Daisy Moriarty (Lili Reinhart) has a truly horrible job. She spends her days moderating the worst of humanity on social media, reviewing videos flagged for potential violations of the company’s admittedly vague guidelines, which often prioritize clicks over the offended party or even human decency. You know all the horrible things you regret seeing on Al Gore’s internet? Imagine having to watch variations on them all day, every day. It’s no wonder that they have a therapist on staff, a comfort room for moderators, and a pool going about when the new guy will crack. It sounds awful, but it also sounds like a great starting point for a modern riff on “The Conversation” or “Blow Out,” stories of surveillance basically driving people mad. You know what they say about looking into the abyss.
The problem is that Uta Briesewitz’s “American Sweatshop” doesn’t quite have the courage to really follow through on its ambitious and timely concept. When it flirts with the impact of all this true darkness on both the world and the individual, such as in a captivating tangent in which a moderator watches something horrible (but unseen by us, thankfully) happening to a dog and then rushes home to hug his own pup, Matthew Nemeth’s script shows its teeth, but it never really bites. It’s too content to exist as a thriller/mystery instead of a commentary, never successfully marrying the two, despite Reinhart’s best efforts.
The “Riverdale” star is legitimately great as a woman who seems to be using this awful day job as a way to bridge chapters in her life. Daisy wants to become a nurse eventually, but that goal becomes further out of reach when she literally faints after watching a video awaiting moderation, and the bill for the ambulance makes her finances even tighter. Again, there’s an unpopped kernel of an idea here in that the awful corners of the internet are trapping everyone, the people in charge of it included, into immobility, forcing them to repeat the same procedures day in and day out, whether it’s Daisy’s job or your doomscrolling.
Daisy is rattled out of her numbing stasis when she sees the video that drops her. Briesewitz smartly doesn’t show much of the questionable content in her film, cutting in flashes of images and letting sound design fill in the gaps. In this one, Daisy sees a woman screaming on what appears to be a table. There’s a nail involved. Is it real? Daisy’s boss and even the authorities are certain that it’s probably not, but she remains unconvinced, using the internet to try to track down the creator and bring him to justice.

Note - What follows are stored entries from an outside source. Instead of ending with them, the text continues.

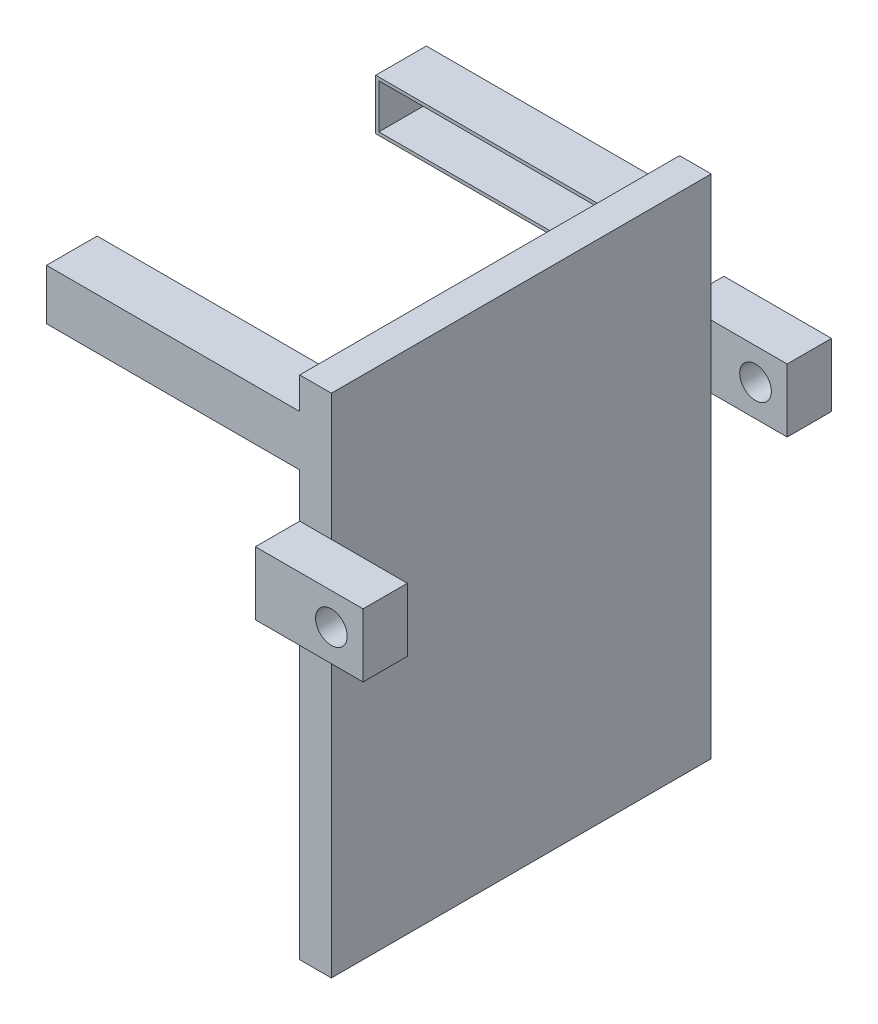
ISO-10303-21;
HEADER;
FILE_DESCRIPTION(('STEP AP214'),'2;1');
FILE_NAME('part.step','',(''),(''),'','','');
FILE_SCHEMA(('AUTOMOTIVE_DESIGN { 1 0 10303 214 1 1 1 1 }'));
ENDSEC;
DATA;
#1=APPLICATION_CONTEXT('core data for automotive mechanical design processes');
#2=APPLICATION_PROTOCOL_DEFINITION('international standard','automotive_design',2000,#1);
#3=PRODUCT_CONTEXT('',#1,'mechanical');
#4=PRODUCT('Part','Part','',(#3));
#5=PRODUCT_RELATED_PRODUCT_CATEGORY('part','',(#4));
#6=PRODUCT_DEFINITION_FORMATION('','',#4);
#7=PRODUCT_DEFINITION_CONTEXT('part definition',#1,'design');
#8=PRODUCT_DEFINITION('design','',#6,#7);
#9=PRODUCT_DEFINITION_SHAPE('','',#8);
#10=(LENGTH_UNIT() NAMED_UNIT(*) SI_UNIT(.MILLI.,.METRE.));
#11=(NAMED_UNIT(*) PLANE_ANGLE_UNIT() SI_UNIT($,.RADIAN.));
#12=(NAMED_UNIT(*) SI_UNIT($,.STERADIAN.) SOLID_ANGLE_UNIT());
#13=UNCERTAINTY_MEASURE_WITH_UNIT(LENGTH_MEASURE(1.E-05),#10,'distance_accuracy_value','');
#14=(GEOMETRIC_REPRESENTATION_CONTEXT(3) GLOBAL_UNCERTAINTY_ASSIGNED_CONTEXT((#13)) GLOBAL_UNIT_ASSIGNED_CONTEXT((#10,
#11,#12)) REPRESENTATION_CONTEXT('',''));
#15=CARTESIAN_POINT('',(0.,0.,0.));
#16=DIRECTION('',(0.,0.,1.));
#17=DIRECTION('',(1.,0.,0.));
#18=AXIS2_PLACEMENT_3D('',#15,#16,#17);
#19=CARTESIAN_POINT('',(0.,0.,-4.4));
#20=DIRECTION('',(0.,0.,1.));
#21=DIRECTION('',(-1.,0.,0.));
#22=AXIS2_PLACEMENT_3D('',#19,#20,#21);
#23=PLANE('',#22);
#24=DIRECTION('',(0.,1.,0.));
#25=VECTOR('',#24,1.);
#26=CARTESIAN_POINT('',(0.,0.4,-4.4));
#27=LINE('',#26,#25);
#28=CARTESIAN_POINT('',(0.,-0.4,-4.4));
#29=VERTEX_POINT('',#28);
#30=CARTESIAN_POINT('',(0.,0.4,-4.4));
#31=VERTEX_POINT('',#30);
#32=EDGE_CURVE('E309',#29,#31,#27,.T.);
#33=ORIENTED_EDGE('',*,*,#32,.T.);
#34=DIRECTION('',(-1.,0.,0.));
#35=VECTOR('',#34,1.);
#36=CARTESIAN_POINT('',(-4.,0.4,-4.4));
#37=LINE('',#36,#35);
#38=CARTESIAN_POINT('',(-4.,0.4,-4.4));
#39=VERTEX_POINT('',#38);
#40=EDGE_CURVE('E314',#31,#39,#37,.T.);
#41=ORIENTED_EDGE('',*,*,#40,.T.);
#42=DIRECTION('',(0.,-1.,0.));
#43=VECTOR('',#42,1.);
#44=CARTESIAN_POINT('',(-4.,-0.4,-4.4));
#45=LINE('',#44,#43);
#46=CARTESIAN_POINT('',(-4.,-0.4,-4.4));
#47=VERTEX_POINT('',#46);
#48=EDGE_CURVE('E326',#39,#47,#45,.T.);
#49=ORIENTED_EDGE('',*,*,#48,.T.);
#50=DIRECTION('',(1.,0.,0.));
#51=VECTOR('',#50,1.);
#52=CARTESIAN_POINT('',(0.,-0.4,-4.4));
#53=LINE('',#52,#51);
#54=EDGE_CURVE('E323',#47,#29,#53,.T.);
#55=ORIENTED_EDGE('',*,*,#54,.T.);
#56=EDGE_LOOP('',(#33,#41,#49,#55));
#57=FACE_BOUND('',#56,.T.);
#58=DIRECTION('',(-1.,0.,0.));
#59=VECTOR('',#58,1.);
#60=CARTESIAN_POINT('',(-0.05,-0.35,-4.4));
#61=LINE('',#60,#59);
#62=CARTESIAN_POINT('',(-0.05,-0.35,-4.4));
#63=VERTEX_POINT('',#62);
#64=CARTESIAN_POINT('',(-3.95,-0.35,-4.4));
#65=VERTEX_POINT('',#64);
#66=EDGE_CURVE('E267',#63,#65,#61,.T.);
#67=ORIENTED_EDGE('',*,*,#66,.T.);
#68=DIRECTION('',(0.,1.,0.));
#69=VECTOR('',#68,1.);
#70=CARTESIAN_POINT('',(-3.95,0.350000000000001,-4.4));
#71=LINE('',#70,#69);
#72=CARTESIAN_POINT('',(-3.95,0.350000000000001,-4.4));
#73=VERTEX_POINT('',#72);
#74=EDGE_CURVE('E57',#65,#73,#71,.T.);
#75=ORIENTED_EDGE('',*,*,#74,.T.);
#76=DIRECTION('',(1.,0.,0.));
#77=VECTOR('',#76,1.);
#78=CARTESIAN_POINT('',(-3.95,0.350000000000001,-4.4));
#79=LINE('',#78,#77);
#80=CARTESIAN_POINT('',(-0.05,0.35,-4.4));
#81=VERTEX_POINT('',#80);
#82=EDGE_CURVE('E258',#73,#81,#79,.T.);
#83=ORIENTED_EDGE('',*,*,#82,.T.);
#84=DIRECTION('',(0.,-1.,0.));
#85=VECTOR('',#84,1.);
#86=CARTESIAN_POINT('',(-0.05,-0.35,-4.4));
#87=LINE('',#86,#85);
#88=EDGE_CURVE('E261',#81,#63,#87,.T.);
#89=ORIENTED_EDGE('',*,*,#88,.T.);
#90=EDGE_LOOP('',(#67,#75,#83,#89));
#91=FACE_BOUND('',#90,.T.);
#92=ADVANCED_FACE('F39',(#57,#91),#23,.T.);
#93=CARTESIAN_POINT('',(0.,0.,-5.2));
#94=DIRECTION('',(0.,0.,-1.));
#95=DIRECTION('',(-1.,0.,0.));
#96=AXIS2_PLACEMENT_3D('',#93,#94,#95);
#97=PLANE('',#96);
#98=DIRECTION('',(0.,-1.,0.));
#99=VECTOR('',#98,1.);
#100=CARTESIAN_POINT('',(0.,-7.1,-5.2));
#101=LINE('',#100,#99);
#102=CARTESIAN_POINT('',(0.,-2.1,-5.2));
#103=VERTEX_POINT('',#102);
#104=CARTESIAN_POINT('',(0.,-7.1,-5.2));
#105=VERTEX_POINT('',#104);
#106=EDGE_CURVE('E420',#103,#105,#101,.T.);
#107=ORIENTED_EDGE('',*,*,#106,.F.);
#108=DIRECTION('',(1.,0.,0.));
#109=VECTOR('',#108,1.);
#110=CARTESIAN_POINT('',(1.7,-2.1,-5.2));
#111=LINE('',#110,#109);
#112=CARTESIAN_POINT('',(0.5,-2.1,-5.2));
#113=VERTEX_POINT('',#112);
#114=EDGE_CURVE('E296',#103,#113,#111,.T.);
#115=ORIENTED_EDGE('',*,*,#114,.T.);
#116=DIRECTION('',(0.,1.,0.));
#117=VECTOR('',#116,1.);
#118=CARTESIAN_POINT('',(0.5,0.9,-5.2));
#119=LINE('',#118,#117);
#120=CARTESIAN_POINT('',(0.5,-7.1,-5.2));
#121=VERTEX_POINT('',#120);
#122=EDGE_CURVE('E413',#121,#113,#119,.T.);
#123=ORIENTED_EDGE('',*,*,#122,.F.);
#124=DIRECTION('',(1.,0.,0.));
#125=VECTOR('',#124,1.);
#126=CARTESIAN_POINT('',(0.5,-7.1,-5.2));
#127=LINE('',#126,#125);
#128=EDGE_CURVE('E408',#105,#121,#127,.T.);
#129=ORIENTED_EDGE('',*,*,#128,.F.);
#130=EDGE_LOOP('',(#107,#115,#123,#129));
#131=FACE_BOUND('',#130,.T.);
#132=ADVANCED_FACE('F535',(#131),#97,.T.);
#133=CARTESIAN_POINT('',(0.5,-1.1,-5.2));
#134=VERTEX_POINT('',#133);
#135=CARTESIAN_POINT('',(0.5,0.9,-5.2));
#136=VERTEX_POINT('',#135);
#137=EDGE_CURVE('E411',#134,#136,#119,.T.);
#138=ORIENTED_EDGE('',*,*,#137,.F.);
#139=DIRECTION('',(-1.,0.,0.));
#140=VECTOR('',#139,1.);
#141=CARTESIAN_POINT('',(0.,-1.1,-5.2));
#142=LINE('',#141,#140);
#143=CARTESIAN_POINT('',(0.,-1.1,-5.2));
#144=VERTEX_POINT('',#143);
#145=EDGE_CURVE('E11',#134,#144,#142,.T.);
#146=ORIENTED_EDGE('',*,*,#145,.T.);
#147=CARTESIAN_POINT('',(0.,-0.4,-5.2));
#148=VERTEX_POINT('',#147);
#149=EDGE_CURVE('E424',#148,#144,#101,.T.);
#150=ORIENTED_EDGE('',*,*,#149,.F.);
#151=DIRECTION('',(1.,0.,0.));
#152=VECTOR('',#151,1.);
#153=CARTESIAN_POINT('',(0.,-0.4,-5.2));
#154=LINE('',#153,#152);
#155=CARTESIAN_POINT('',(-4.,-0.4,-5.2));
#156=VERTEX_POINT('',#155);
#157=EDGE_CURVE('E310',#156,#148,#154,.T.);
#158=ORIENTED_EDGE('',*,*,#157,.F.);
#159=DIRECTION('',(0.,-1.,0.));
#160=VECTOR('',#159,1.);
#161=CARTESIAN_POINT('',(-4.,-0.4,-5.2));
#162=LINE('',#161,#160);
#163=CARTESIAN_POINT('',(-4.,0.4,-5.2));
#164=VERTEX_POINT('',#163);
#165=EDGE_CURVE('E313',#164,#156,#162,.T.);
#166=ORIENTED_EDGE('',*,*,#165,.F.);
#167=DIRECTION('',(-1.,0.,0.));
#168=VECTOR('',#167,1.);
#169=CARTESIAN_POINT('',(-4.,0.4,-5.2));
#170=LINE('',#169,#168);
#171=CARTESIAN_POINT('',(0.,0.4,-5.2));
#172=VERTEX_POINT('',#171);
#173=EDGE_CURVE('E317',#172,#164,#170,.T.);
#174=ORIENTED_EDGE('',*,*,#173,.F.);
#175=CARTESIAN_POINT('',(0.,0.9,-5.2));
#176=VERTEX_POINT('',#175);
#177=EDGE_CURVE('E421',#176,#172,#101,.T.);
#178=ORIENTED_EDGE('',*,*,#177,.F.);
#179=DIRECTION('',(-1.,0.,0.));
#180=VECTOR('',#179,1.);
#181=CARTESIAN_POINT('',(0.5,0.9,-5.2));
#182=LINE('',#181,#180);
#183=EDGE_CURVE('E416',#136,#176,#182,.T.);
#184=ORIENTED_EDGE('',*,*,#183,.F.);
#185=EDGE_LOOP('',(#138,#146,#150,#158,#166,#174,#178,#184));
#186=FACE_BOUND('',#185,.T.);
#187=ADVANCED_FACE('F546',(#186),#97,.T.);
#188=CARTESIAN_POINT('',(0.,0.,0.8));
#189=DIRECTION('',(0.,0.,-1.));
#190=DIRECTION('',(-1.,0.,0.));
#191=AXIS2_PLACEMENT_3D('',#188,#189,#190);
#192=PLANE('',#191);
#193=DIRECTION('',(1.,0.,0.));
#194=VECTOR('',#193,1.);
#195=CARTESIAN_POINT('',(1.7,-2.1,0.8));
#196=LINE('',#195,#194);
#197=CARTESIAN_POINT('',(0.,-2.1,0.8));
#198=VERTEX_POINT('',#197);
#199=CARTESIAN_POINT('',(0.5,-2.1,0.8));
#200=VERTEX_POINT('',#199);
#201=EDGE_CURVE('E357',#198,#200,#196,.T.);
#202=ORIENTED_EDGE('',*,*,#201,.F.);
#203=DIRECTION('',(0.,-1.,0.));
#204=VECTOR('',#203,1.);
#205=CARTESIAN_POINT('',(0.,-7.1,0.8));
#206=LINE('',#205,#204);
#207=CARTESIAN_POINT('',(0.,-7.1,0.8));
#208=VERTEX_POINT('',#207);
#209=EDGE_CURVE('E435',#198,#208,#206,.T.);
#210=ORIENTED_EDGE('',*,*,#209,.T.);
#211=DIRECTION('',(1.,0.,0.));
#212=VECTOR('',#211,1.);
#213=CARTESIAN_POINT('',(0.5,-7.1,0.8));
#214=LINE('',#213,#212);
#215=CARTESIAN_POINT('',(0.5,-7.1,0.8));
#216=VERTEX_POINT('',#215);
#217=EDGE_CURVE('E401',#208,#216,#214,.T.);
#218=ORIENTED_EDGE('',*,*,#217,.T.);
#219=DIRECTION('',(0.,1.,0.));
#220=VECTOR('',#219,1.);
#221=CARTESIAN_POINT('',(0.5,0.9,0.8));
#222=LINE('',#221,#220);
#223=EDGE_CURVE('E428',#216,#200,#222,.T.);
#224=ORIENTED_EDGE('',*,*,#223,.T.);
#225=EDGE_LOOP('',(#202,#210,#218,#224));
#226=FACE_BOUND('',#225,.T.);
#227=ADVANCED_FACE('F526',(#226),#192,.F.);
#228=DIRECTION('',(-1.,0.,0.));
#229=VECTOR('',#228,1.);
#230=CARTESIAN_POINT('',(0.,-1.1,0.8));
#231=LINE('',#230,#229);
#232=CARTESIAN_POINT('',(0.5,-1.1,0.8));
#233=VERTEX_POINT('',#232);
#234=CARTESIAN_POINT('',(0.,-1.1,0.8));
#235=VERTEX_POINT('',#234);
#236=EDGE_CURVE('E48',#233,#235,#231,.T.);
#237=ORIENTED_EDGE('',*,*,#236,.F.);
#238=CARTESIAN_POINT('',(0.5,0.9,0.8));
#239=VERTEX_POINT('',#238);
#240=EDGE_CURVE('E427',#233,#239,#222,.T.);
#241=ORIENTED_EDGE('',*,*,#240,.T.);
#242=DIRECTION('',(-1.,0.,0.));
#243=VECTOR('',#242,1.);
#244=CARTESIAN_POINT('',(0.5,0.9,0.8));
#245=LINE('',#244,#243);
#246=CARTESIAN_POINT('',(0.,0.9,0.8));
#247=VERTEX_POINT('',#246);
#248=EDGE_CURVE('E431',#239,#247,#245,.T.);
#249=ORIENTED_EDGE('',*,*,#248,.T.);
#250=CARTESIAN_POINT('',(0.,0.4,0.8));
#251=VERTEX_POINT('',#250);
#252=EDGE_CURVE('E412',#247,#251,#206,.T.);
#253=ORIENTED_EDGE('',*,*,#252,.T.);
#254=DIRECTION('',(-1.,0.,0.));
#255=VECTOR('',#254,1.);
#256=CARTESIAN_POINT('',(-4.,0.4,0.8));
#257=LINE('',#256,#255);
#258=CARTESIAN_POINT('',(-4.,0.4,0.8));
#259=VERTEX_POINT('',#258);
#260=EDGE_CURVE('E449',#251,#259,#257,.T.);
#261=ORIENTED_EDGE('',*,*,#260,.T.);
#262=DIRECTION('',(0.,-1.,0.));
#263=VECTOR('',#262,1.);
#264=CARTESIAN_POINT('',(-4.,-0.4,0.8));
#265=LINE('',#264,#263);
#266=CARTESIAN_POINT('',(-4.,-0.4,0.8));
#267=VERTEX_POINT('',#266);
#268=EDGE_CURVE('E451',#259,#267,#265,.T.);
#269=ORIENTED_EDGE('',*,*,#268,.T.);
#270=DIRECTION('',(1.,0.,0.));
#271=VECTOR('',#270,1.);
#272=CARTESIAN_POINT('',(0.,-0.4,0.8));
#273=LINE('',#272,#271);
#274=CARTESIAN_POINT('',(0.,-0.4,0.8));
#275=VERTEX_POINT('',#274);
#276=EDGE_CURVE('E454',#267,#275,#273,.T.);
#277=ORIENTED_EDGE('',*,*,#276,.T.);
#278=EDGE_CURVE('E438',#275,#235,#206,.T.);
#279=ORIENTED_EDGE('',*,*,#278,.T.);
#280=EDGE_LOOP('',(#237,#241,#249,#253,#261,#269,#277,#279));
#281=FACE_BOUND('',#280,.T.);
#282=ADVANCED_FACE('F506',(#281),#192,.F.);
#283=CARTESIAN_POINT('',(-4.,0.4,0.8));
#284=DIRECTION('',(0.,-1.,0.));
#285=DIRECTION('',(1.,0.,0.));
#286=AXIS2_PLACEMENT_3D('',#283,#284,#285);
#287=PLANE('',#286);
#288=DIRECTION('',(-1.,0.,0.));
#289=VECTOR('',#288,1.);
#290=CARTESIAN_POINT('',(-4.,0.4,0.));
#291=LINE('',#290,#289);
#292=CARTESIAN_POINT('',(0.,0.4,0.));
#293=VERTEX_POINT('',#292);
#294=CARTESIAN_POINT('',(-4.,0.4,0.));
#295=VERTEX_POINT('',#294);
#296=EDGE_CURVE('E459',#293,#295,#291,.T.);
#297=ORIENTED_EDGE('',*,*,#296,.T.);
#298=DIRECTION('',(0.,0.,-1.));
#299=VECTOR('',#298,1.);
#300=CARTESIAN_POINT('',(-4.,0.4,0.8));
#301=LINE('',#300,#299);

Looking for answers in a world that increasingly seems like it refuses to provide concrete ones regarding what’s real or what matters online is, again, a great starting point for a thriller, but “American Sweatshop” is often as frustrating as a TikTok video that brings up an idea for clicks instead of having anything to say about it. It leaves Reinhart to do all of the heavy lifting in terms of theme and character, which she does respectably. As often as this film frustrated me regarding Nemeth’s shallow script, I was impressed by the choices made by Reinhart, who plays Daisy’s numbness not as apathy, but something fueled by frustration and anger. She becomes convinced that solving the mystery of the “Nailed It” video is the only way to make her whole again, and I only wish that the film around her trusted its leading lady to go to the truly dark places this story suggests. She’s up for the challenge, giving Daisy an icy unpredictability that’s captivating. She’s got something to say, even if the movie around her too often sounds like a whisper when so many of us are screaming.